Extract the lines from the first one in the records below through the line containing "msp = doc.modelspace()", keeping both ends and leaving out any pictures.

## SUPPLIED MATERIAL
● ● ● ● ● ● ●
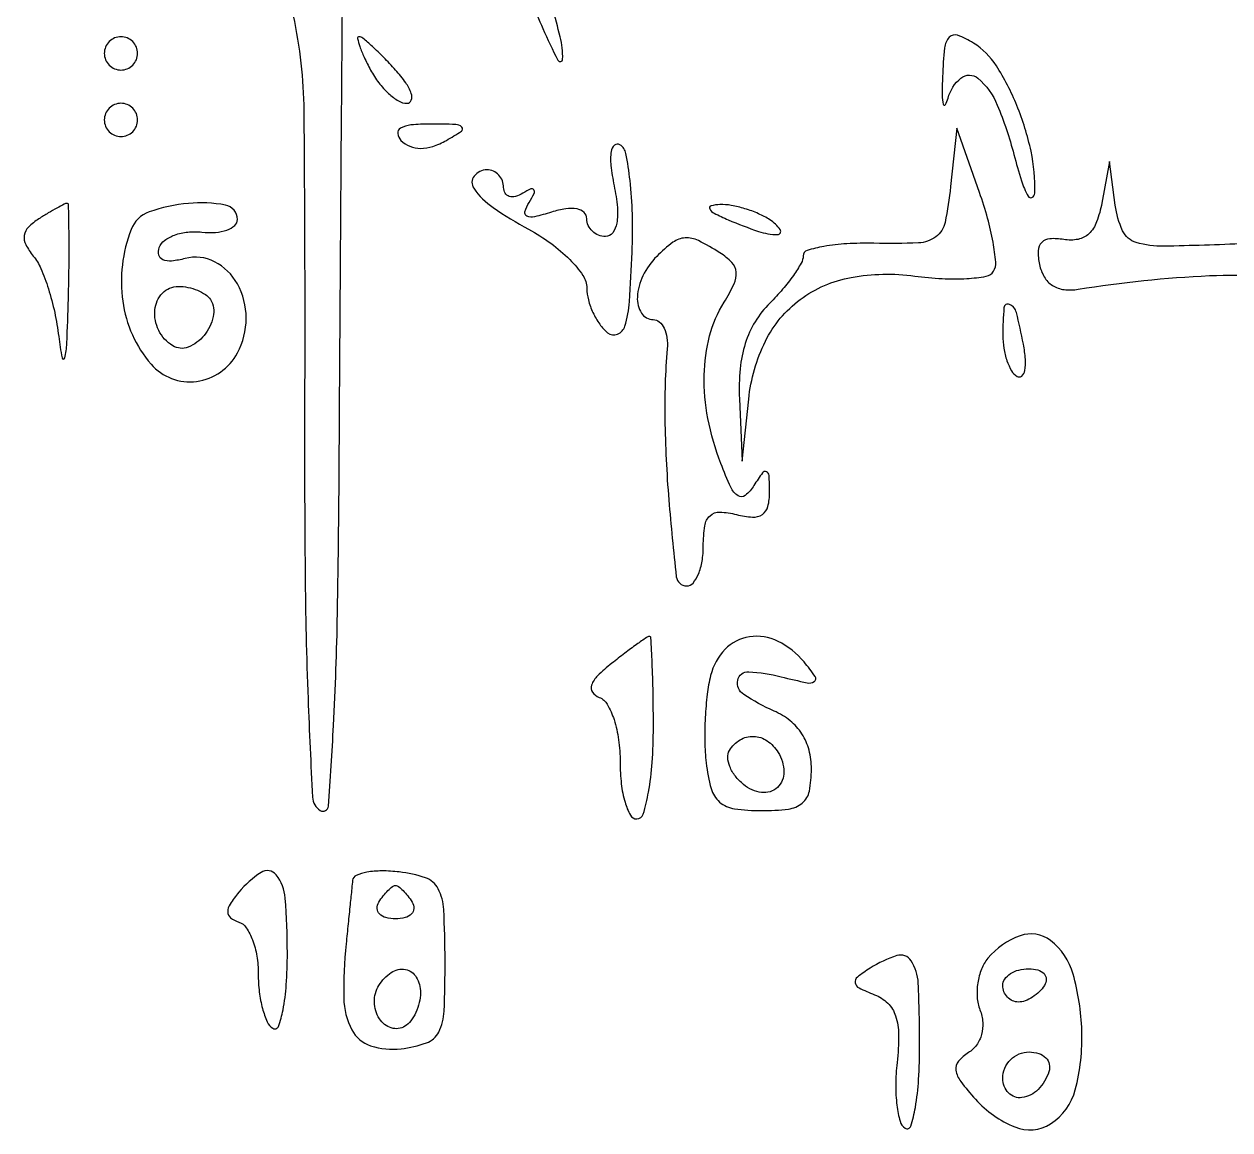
# Model space of a CAD drawing. Extents: x 50 to 925, y 21 to 441.
# Drawn here: x 746.2 to 818.6, y 210.3 to 276.8 of the extents above; entities that cross this region are included whole.
import ezdxf

# ---------------------------------------------------------------- set-up
doc = ezdxf.new("R2010")
doc.units = 0

msp = doc.modelspace()

# ---------------------------------------------------------------- linework, layer by layer
for points in [[(762.347994, 277.260796, -0.051239), (762.987695, 271.537397, -0.003039), (763.037271, 254.085489, 0.003039), (763.066463, 243.809541, 0.007356), (763.245856, 236.219187, 0.003234), (763.511051, 230.304856, 0.246292), (763.979879, 229.512435, 0.562754), (764.46813, 229.761428, 0.00533), (764.776067, 234.61346, 0.008859), (765.011249, 241.329533, 0.002933), (765.12386, 251.190983, -0.000267), (765.180536, 260.502204, -0.00025), (765.248389, 270.031101, -0.000248), (765.317097, 278.496177, -0.00085)], [(776.645011, 278.069207, -0.010206), (777.356364, 276.5, 0.019178), (778.265387, 274.586775, 0.770927), (778.546059, 274.650904, 0.071247), (778.398939, 275.987817, 0.005437), (777.454347, 279.5, -0.231486)], [(819.553906, 263.561234, -0.005006), (814.678325, 263.412487, -0.077525), (813.022426, 263.636144, -0.215398), (812.202684, 264.345464, -0.075066), (811.755977, 265.879708), (811.404142, 268.5), (810.952071, 266, -0.045255), (810.641269, 264.874118, -0.112521), (810.17288, 264.16524, -0.142238), (809.521017, 263.825686, -0.091957), (808.66445, 263.813482, 0.056506), (807.829748, 263.860493, 0.187581), (807.338282, 263.636592, 0.188852), (807.129162, 263.140811, 0.057352), (807.202765, 262.313482, 0.083828), (807.492569, 261.567573, 0.116823), (807.989415, 261.055628, 0.111618), (808.681729, 260.806474, 0.071804), (809.538315, 260.8238, -0.030002), (817.423126, 261.643609, -0.051302), (824.022227, 261.254475, -0.072061)]]:
    msp.add_lwpolyline(points, format="xyb")
for points in [[(801.376841, 273.600836, 0.009723), (801.3544, 272.492884, 0.063363), (801.424145, 271.941189, 0.665089), (801.551356, 271.922656, 0.073543), (801.710822, 272.305339, -0.162471), (802.486894, 273.515771, -0.360839), (803.50852, 273.501408, -0.119096), (804.671048, 271.897101, -0.032921), (805.669523, 268.925676, 0.011796), (806.12718, 267.345698, 0.04698), (806.519139, 266.417145, 0.407857), (806.755013, 266.343416, 0.271635), (806.919523, 266.600777, 0.063152), (806.697344, 269.123452, 0.043543), (805.845918, 271.866038, 0.044512), (804.612546, 274.252523, 0.112269), (803.232142, 275.621441, 0.050241), (802.286866, 276.08651, 0.305189), (801.783254, 275.965614, 0.161945), (801.498349, 275.330488, 0.01522)], [(751, 275, 0.099038), (751.076342, 274.618362, 0.097945), (751.29375, 274.29375, 0.097945), (751.618362, 274.076342, 0.099038), (752, 274, 0.099038), (752.381638, 274.076342, 0.097945), (752.70625, 274.29375, 0.097945), (752.923658, 274.618362, 0.099038), (753, 275, 0.099038), (752.923658, 275.381638, 0.097945), (752.70625, 275.70625, 0.097945), (752.381638, 275.923658, 0.099038), (752, 276, 0.099038), (751.618362, 275.923658, 0.097945), (751.29375, 275.70625, 0.097945), (751.076342, 275.381638, 0.099038)], [(767, 274, 0.040155), (767.492301, 273.234747, 0.044735), (768.084889, 272.5875, 0.049756), (768.684971, 272.14014, 0.136127), (769.190171, 272, 0.31697), (769.447179, 272.181125, 0.170442), (769.449353, 272.5875, 0.071687), (769.117991, 273.231167, 0.029262), (768.5, 274, 0.009734), (767.778924, 274.766257, 0.014065), (767.110022, 275.4125, 0.009676), (766.534813, 275.917703, 0.177154), (766.309829, 276, 0.479972), (766.220891, 275.889069, 0.028282), (766.355736, 275.4125, 0.02586), (766.616397, 274.767389, 0.013923)], [(751, 271, 0.099038), (751.076342, 270.618362, 0.097945), (751.29375, 270.29375, 0.097945), (751.618362, 270.076342, 0.099038), (752, 270, 0.099038), (752.381638, 270.076342, 0.097945), (752.70625, 270.29375, 0.097945), (752.923658, 270.618362, 0.099038), (753, 271, 0.099038), (752.923658, 271.381638, 0.097945), (752.70625, 271.70625, 0.097945), (752.381638, 271.923658, 0.099038), (752, 272, 0.099038), (751.618362, 271.923658, 0.097945), (751.29375, 271.70625, 0.097945), (751.076342, 271.381638, 0.099038)], [(768.828625, 269.771375, 0.100728), (769.363922, 269.417121, 0.096256), (770.003974, 269.292751, 0.080249), (770.740085, 269.411661, 0.047509), (771.555954, 269.771375, 0.018373), (772.458827, 270.321146, 0.474606), (772.48407, 270.570589, 0.191617), (772.11785, 270.728348, 0.007027), (770.57733, 270.75, 0.023063), (769.431161, 270.697103, 0.104874), (768.796725, 270.5, 0.301349), (768.632217, 270.180273, 0.170425)], [(801.863876, 267, -0.025235), (801.529511, 264.846739, -0.184371), (800.9768, 263.982835, -0.150255), (799.927725, 263.613259, -0.015186), (797.25, 263.586309, 0.018522), (795.620854, 263.559045, 0.030234), (794.248438, 263.401599, 0.031056), (793.237208, 263.157599, 0.329155), (793, 262.836309, -0.131285), (792.881529, 262.392887, -0.023008), (792.4125, 261.658166, -0.023572), (791.76572, 260.827038, -0.019242), (791, 260, 0.059681), (790.116997, 258.876662, 0.059704), (789.524435, 257.576698, 0.053547), (789.212807, 256.050617, 0.034824), (789.168103, 254.25), (789.336206, 250.5), (789.726899, 254.223668, -0.088524), (790.731653, 257.703044, -0.11934), (792.823371, 260.210394, -0.115236), (795.892433, 261.538867, -0.078728), (799.706492, 261.622469, 0.02031), (801.35643, 261.465914, 0.028638), (802.833351, 261.470747, 0.028162), (803.997859, 261.607433, 0.214207), (804.444129, 261.909599, 0.161934), (804.574563, 262.460474, 0.021977), (804.415708, 263.652048, 0.023443), (804.088764, 265.091397, 0.017811), (803.601513, 266.634505), (802.227751, 270.5)], [(781.640058, 267.049711, -0.025373), (781.833255, 265.741856, -0.065903), (781.799344, 264.792171, -0.117994), (781.554423, 264.216429, -0.237755), (781.125, 264, -0.093796), (780.695566, 264.081273, -0.096558), (780.330469, 264.313545, -0.099078), (780.086095, 264.660112, -0.104541), (780, 265.067388, 0.210954), (779.835379, 265.440206, 0.139999), (779.41022, 265.651372, 0.084065), (778.734463, 265.661549, 0.038683), (777.874771, 265.460254, -0.018511), (776.859103, 265.178816, -0.162598), (776.400738, 265.219756, -0.38048), (776.276808, 265.488411, -0.064753), (776.529279, 266.047375, 0.021719), (776.82803, 266.58129, 0.273113), (776.813276, 266.802788, 0.367323), (776.630693, 266.852734, 0.029145), (776.154508, 266.595492, -0.068937), (775.712617, 266.400314, -0.143226), (775.339137, 266.40265, -0.19028), (775.093162, 266.596262, -0.132745), (775, 266.940983, 0.093332), (774.923877, 267.345238, 0.09642), (774.70625, 267.688914, 0.099167), (774.381556, 267.918938, 0.105053), (774, 268, 0.229319), (773.224909, 267.624782, 0.331399), (773.203644, 266.8941, 0.089099), (774.374332, 265.731006, 0.027611), (776.5, 264.430067, -0.033846), (777.839534, 263.587135, -0.040283), (778.971875, 262.614142, -0.044575), (779.762993, 261.658193, -0.151708), (780, 260.895041, 0.064611), (780.091829, 260.187374, 0.044454), (780.367188, 259.425785, 0.044569), (780.771452, 258.727615, 0.066495), (781.25, 258.210554, 0.280035), (781.843624, 258.123758, 0.222185), (782.285668, 258.6151, 0.055859), (782.558502, 260.083068, 0.008613), (782.721471, 263.046724, 0.015528), (782.736722, 265.338639, 0.022217), (782.596938, 267.366403, 0.019164), (782.350385, 268.980522, 0.209831), (781.986529, 269.508326, 0.333482), (781.66081, 269.478868, 0.175993), (781.459824, 269.100617, 0.063606), (781.449014, 268.26646, 0.020831)], [(747.064302, 265.060903, 0.056719), (746.437437, 264.556581, 0.159557), (746.188902, 264.059384, 0.156926), (746.28062, 263.505893, 0.054352), (746.732597, 262.8222, -0.073286), (747.186351, 262.076116, -0.023485), (747.636157, 260.85578, -0.022864), (748.015622, 259.431968, -0.023681), (748.258258, 257.995985, 0.017521), (748.460624, 256.701486, 0.799981), (748.61777, 256.696578, 0.052996), (748.748358, 257.580528, 0.003238), (748.839963, 260.25, 0.004066), (748.883371, 262.453787, 0.006813), (748.879552, 264.306439, 0.001865), (748.848723, 265.893957, 0.425396), (748.75, 265.984687, 0.104197), (748.59172, 265.941083, 0.006213), (748.151701, 265.707009, 0.009122), (747.632471, 265.410021, 0.006592)], [(752.606989, 264.418213, 0.12633), (752.108154, 260.102623, 0.144762), (753.81025, 256.329504, 0.253923), (756.544399, 255.293625, 0.24054), (759, 257, 0.122995), (759.526527, 259.091375, 0.127629), (758.99571, 261.152907, 0.149457), (757.619937, 262.482099, 0.18384), (755.857275, 262.672928, -0.037453), (755.044827, 262.524326, -0.127004), (754.516033, 262.602419, -0.239349), (754.278511, 262.883466, -0.144513), (754.303128, 263.328686, -0.14812), (754.621215, 263.759158, -0.072735), (755.226429, 264.085952, -0.062264), (756.010824, 264.265914, -0.053056), (756.860232, 264.26179, 0.043941), (757.679574, 264.242905, 0.068192), (758.371443, 264.38384, 0.094306), (758.835995, 264.65303, 0.217736), (759, 265.01179, 0.361434), (758.273881, 265.885066, 0.06913), (756.05181, 265.986148, 0.061456), (753.688087, 265.469129, 0.220024)], [(788.5, 265, 0.019739), (790.313446, 264.304162, 0.081911), (791.466394, 264.114008, 0.608383), (791.618131, 264.407129, 0.095694), (791, 265, 0.040566), (790.315929, 265.367204, 0.028934), (789.5, 265.668473, 0.029384), (788.682866, 265.865933, 0.053798), (788, 265.914402, 0.051935), (787.464625, 265.838733, 0.491407), (787.384577, 265.656114, 0.152377), (787.658129, 265.391929, 0.014925)], [(784.2, 262.8, 0.082593), (783.372969, 261.642981, 0.100359), (783.036499, 260.356038, 0.15361), (783.281305, 259.39393, 0.259821), (783.98821, 259, -0.179934), (784.353455, 258.864162, -0.102971), (784.643054, 258.485937, -0.078669), (784.812821, 257.919574, -0.054508), (784.829767, 257.25, 0.025003), (784.687893, 253.03065, 0.01639), (784.926976, 248.171232, 0.007521), (785.37578, 243.557937, 0.381771), (786, 243, 0.220409), (786.382711, 243.17732, 0.077451), (786.70625, 243.706874, 0.058891), (786.926797, 244.48496, 0.03966), (787, 245.40638, -0.036036), (787.087143, 246.613909, -0.169429), (787.403445, 247.221836, -0.201856), (787.990551, 247.440826, -0.05366), (789, 247.289749, 0.048565), (789.952523, 247.137278, 0.165689), (790.549858, 247.300491, 0.185086), (790.883573, 247.778321, 0.063039), (790.984687, 248.633369, 0.01221), (790.951891, 249.638327, 0.285379), (790.794727, 249.861753, 0.350171), (790.55718, 249.795535, 0.015334), (790.042103, 249.033884, -0.076685), (789.525715, 248.441568, -0.333028), (789.088832, 248.416309, -0.140354), (788.649707, 248.930611, -0.016127), (788.057416, 250.348984, -0.042264), (787.280471, 253.062695, -0.053608), (787.053411, 255.658417, -0.05913), (787.381439, 258.020615, -0.074817), (788.25, 260.044081, 0.028998), (788.8472, 261.145521, 0.131449), (788.975, 261.858133, 0.172544), (788.715359, 262.430801, 0.059282), (788, 263.0152, 0.025765), (786.70822, 263.746332, 0.13076), (785.905295, 263.911998, 0.147475), (785.177717, 263.646897, 0.035803)], [(757.375, 260.202254, -0.196264), (757.546083, 259.180953, -0.116315), (756.997299, 258.054151, -0.126473), (756.042088, 257.351261, -0.238458), (755.111803, 257.430902, -0.13979), (754.268354, 258.355668, -0.139299), (754.03802, 259.587525, -0.168863), (754.495858, 260.595001, -0.205232), (755.440983, 261, -0.050179), (756.028755, 260.940864, -0.047705), (756.603506, 260.765662, -0.051353), (757.082037, 260.508057, -0.105582)], [(805, 258.059017, 0.040387), (805.063247, 257.277279, 0.04303), (805.251316, 256.532876, 0.047181), (805.526876, 255.928471, 0.124427), (805.855543, 255.589279, 0.332306), (806.134463, 255.613909, 0.162929), (806.321085, 255.941332, 0.068119), (806.361032, 256.617574, 0.027972), (806.238966, 257.530262, 0.014177), (805.818215, 259.43655, 0.234629), (805.407977, 259.917219, 0.511066), (805.069808, 259.713796, 0.021083)], [(781.5, 238.353445, 0.025895), (780.645117, 237.601688, 0.112277), (780.280645, 237.038165, 0.248308), (780.338417, 236.616883, 0.148346), (780.75, 236.301915, -0.177176), (781.23121, 235.888832, -0.049903), (781.632812, 234.967333, -0.043667), (781.908102, 233.758947, -0.034192), (782, 232.416667, 0.027697), (782.072573, 231.10753, 0.043521), (782.29375, 230.003646, 0.053908), (782.614548, 229.228607, 0.274241), (783, 229, 0.332234), (783.391033, 229.292067, 0.026982), (783.70625, 230.615625, 0.027868), (783.927854, 232.39166, 0.017105), (784, 234.5, 0.004261), (783.982044, 236.606774, 0.007161), (783.926563, 238.375033, 0.002068), (783.851335, 239.88368, 0.435634), (783.75, 239.968197, 0.120953), (783.586808, 239.905412, 0.00362), (782.985937, 239.480744, 0.007003), (782.284486, 238.962299, 0.004756)], [(787.44097, 237.620829, 0.031884), (787.235174, 236.503583, 0.016804), (787.115618, 235.097234, 0.016652), (787.089593, 233.643564, 0.024602), (787.171918, 232.370829, 0.038188), (787.468789, 230.828257, 0.149234), (787.980784, 230.016576, 0.144144), (788.870171, 229.613569, 0.034799), (790.5, 229.5, 0.030103), (792.113599, 229.597235, 0.144586), (792.95, 229.958333, 0.173074), (793.373428, 230.675563, 0.047675), (793.5, 232, 0.063705), (793.354197, 233.139711, 0.079803), (792.926287, 234.114243, 0.080426), (792.217934, 234.900185, 0.065928), (791.25, 235.487128, -0.041526), (789.429336, 236.473367, -0.307909), (789.070263, 237.337177, -0.372836), (789.733206, 237.844939, -0.046477), (791.674632, 237.545526, 0.008057), (793.240652, 237.179198, 0.199615), (793.66845, 237.257209, 0.424788), (793.726299, 237.55323, 0.020586), (793.052187, 238.437118, 0.104868), (791.491652, 239.671174, 0.152309), (789.770024, 239.945184, 0.167123), (788.310043, 239.193163, 0.130244)], [(791.5, 233, -0.13346), (791.845721, 231.833908, -0.214143), (791.449337, 230.893865, -0.223986), (790.503699, 230.591846, -0.14122), (789.421983, 231.064749, -0.054071), (788.927196, 231.574976, -0.06707), (788.594237, 232.145782, -0.080573), (788.465542, 232.687312, -0.157815), (788.570027, 233.113307, -0.117694), (789.212611, 233.752703, -0.147878), (790.021617, 233.963569, -0.141453), (790.838943, 233.692994, -0.104499)], [(759.080707, 224.597246, 0.029288), (758.556333, 223.88431, 0.145267), (758.416927, 223.412144, 0.233065), (758.586721, 223.068903, 0.083118), (759.083262, 222.805579, -0.166564), (759.531236, 222.46372, -0.057694), (759.907271, 221.72998, -0.049577), (760.16395, 220.762198, -0.040067), (760.25, 219.690096, 0.02967), (760.314346, 218.606674, 0.035769), (760.507031, 217.605602, 0.038612), (760.78728, 216.810432, 0.15144), (761.125, 216.422746, 0.472102), (761.463257, 216.538074, 0.042214), (761.742969, 217.526906, 0.031514), (761.93786, 219.037781, 0.016321), (762, 220.940983, 0.018822), (761.875646, 224.243281, 0.150754), (761.325222, 225.64354, 0.385748), (760.421937, 225.789952, 0.075755)], [(765.918758, 225.316422, -0.000377), (765.870218, 224.832324, -0.000056), (765.771729, 223.858574, -0.000063), (765.655122, 222.708447, -0.000055), (765.532316, 221.5, 0.029), (765.390724, 218.239579, 0.117495), (765.876376, 216.325663, 0.196329), (767.005386, 215.373459, 0.107428), (768.83584, 215.191861, 0.056119), (770.357475, 215.543762, 0.194714), (771.099598, 216.199932, 0.105648), (771.42364, 217.460261, 0.011279), (771.48014, 220.5, 0.011372), (771.398608, 223.551102, 0.107386), (771.059709, 224.807781, 0.193616), (770.299654, 225.462302, 0.053312), (768.73014, 225.816422, 0.028267), (767.678151, 225.87842, 0.044618), (766.778114, 225.800072, 0.056046), (766.134686, 225.609477, 0.274514)], [(769.5, 224, -0.146489), (769.602013, 223.620597, -0.191582), (769.461189, 223.29375, -0.134005), (769.074636, 223.072951, -0.063222), (768.5, 223, -0.063222), (767.925364, 223.072951, -0.134005), (767.538811, 223.29375, -0.191582), (767.397987, 223.620597, -0.146489), (767.5, 224, -0.025622), (767.764631, 224.382847, -0.032351), (768.048689, 224.70625, -0.033983), (768.313296, 224.937141, -0.163822), (768.5, 225, -0.163822), (768.686704, 224.937141, -0.033983), (768.951311, 224.70625, -0.032351), (769.235369, 224.382847, -0.025622)], [(804.105192, 220.626748, 0.07919), (803.718293, 219.973439, 0.056079), (803.495028, 219.149385, 0.055652), (803.459408, 218.288545, 0.074279), (803.628464, 217.525823, -0.073999), (803.794559, 216.778433, -0.083884), (803.72393, 216.048223, -0.089431), (803.425894, 215.418733, -0.099488), (802.935481, 214.960125, 0.081238), (802.336755, 214.439546, 0.213657), (802.187338, 213.90383, 0.125174), (802.471619, 213.227751, 0.022121), (803.355891, 212.159239, 0.112045), (805.727652, 210.494243, 0.244936), (807.8767, 210.691434, 0.188074), (809.356386, 212.733378, 0.07228), (809.75106, 216.275639, 0.060292), (809.222619, 219.684725, 0.161373), (807.863887, 221.695666, 0.25559), (806.040331, 221.982721, 0.134232)], [(797.028025, 220.038482, 0.025828), (796.263166, 219.497559, 0.272959), (796.130113, 219.155191, 0.243786), (796.361362, 218.844933, 0.021411), (797.289311, 218.442475, -0.102768), (798.082935, 217.932415, -0.118935), (798.557714, 217.171753, -0.08089), (798.73993, 216.041289, -0.027041), (798.64644, 214.364167, 0.024927), (798.565696, 213.018078, 0.033322), (798.634846, 211.796589, 0.035187), (798.823322, 210.83482, 0.190599), (799.135155, 210.41647, 0.488561), (799.471011, 210.541101, 0.034037), (799.745952, 211.671938, 0.027956), (799.938526, 213.345618, 0.014666), (800, 215.440983, 0.011078), (799.918126, 219.135881, 0.133167), (799.488761, 220.480502, 0.338532), (798.63332, 220.787044, 0.063876)], [(770, 218.559017, -0.057944), (769.930946, 217.965145, -0.050295), (769.726548, 217.37232, -0.052935), (769.425599, 216.868321, -0.093559), (769.069098, 216.542705, -0.22115), (768.249279, 216.445281, -0.173073), (767.532901, 217.000994, -0.137775), (767.228407, 218.005022, -0.144545), (767.5, 219, -0.106623), (768.247001, 219.776532, -0.194118), (769.094833, 219.956238, -0.221941), (769.748994, 219.49767, -0.131397)], [(807.5, 219, -0.06081), (807.193797, 218.617485, -0.051032), (806.7871, 218.29375, -0.053229), (806.346558, 218.073302, -0.089642), (805.940983, 218, -0.105429), (805.581949, 218.076556, -0.099231), (805.276414, 218.29375, -0.096318), (805.071618, 218.618268, -0.092995), (805, 219, -0.153634), (805.120018, 219.381379, -0.097988), (805.457961, 219.70625, -0.080552), (805.962904, 219.925455, -0.062283), (806.559017, 220, -0.066118), (807.110654, 219.926733, -0.138808), (807.478525, 219.70625, -0.191142), (807.607943, 219.379648, -0.139169)], [(807.770833, 213.8125, -0.113253), (807.122932, 212.749304, -0.165501), (806.153639, 212.257027, -0.244413), (805.346973, 212.540134, -0.190724), (805, 213.416667, -0.099038), (805.120875, 214.020927, -0.097945), (805.465104, 214.534896, -0.097945), (805.979073, 214.879125, -0.099038), (806.583333, 215, -0.077096), (807.158616, 214.910766, -0.119977), (807.585286, 214.651172, -0.144529), (807.795817, 214.264262, -0.134046)]]:
    msp.add_lwpolyline(points, format="xyb", close=True)

doc.saveas('drawing.dxf')
● ● ● ● ● ● ●
## OUTPUT FOR THIS EXERCISE
# Model space of a CAD drawing. Extents: x 50 to 925, y 21 to 441.
# Drawn here: x 746.2 to 818.6, y 210.3 to 276.8 of the extents above; entities that cross this region are included whole.
import ezdxf

# ---------------------------------------------------------------- set-up
doc = ezdxf.new("R2010")
doc.units = 0

msp = doc.modelspace()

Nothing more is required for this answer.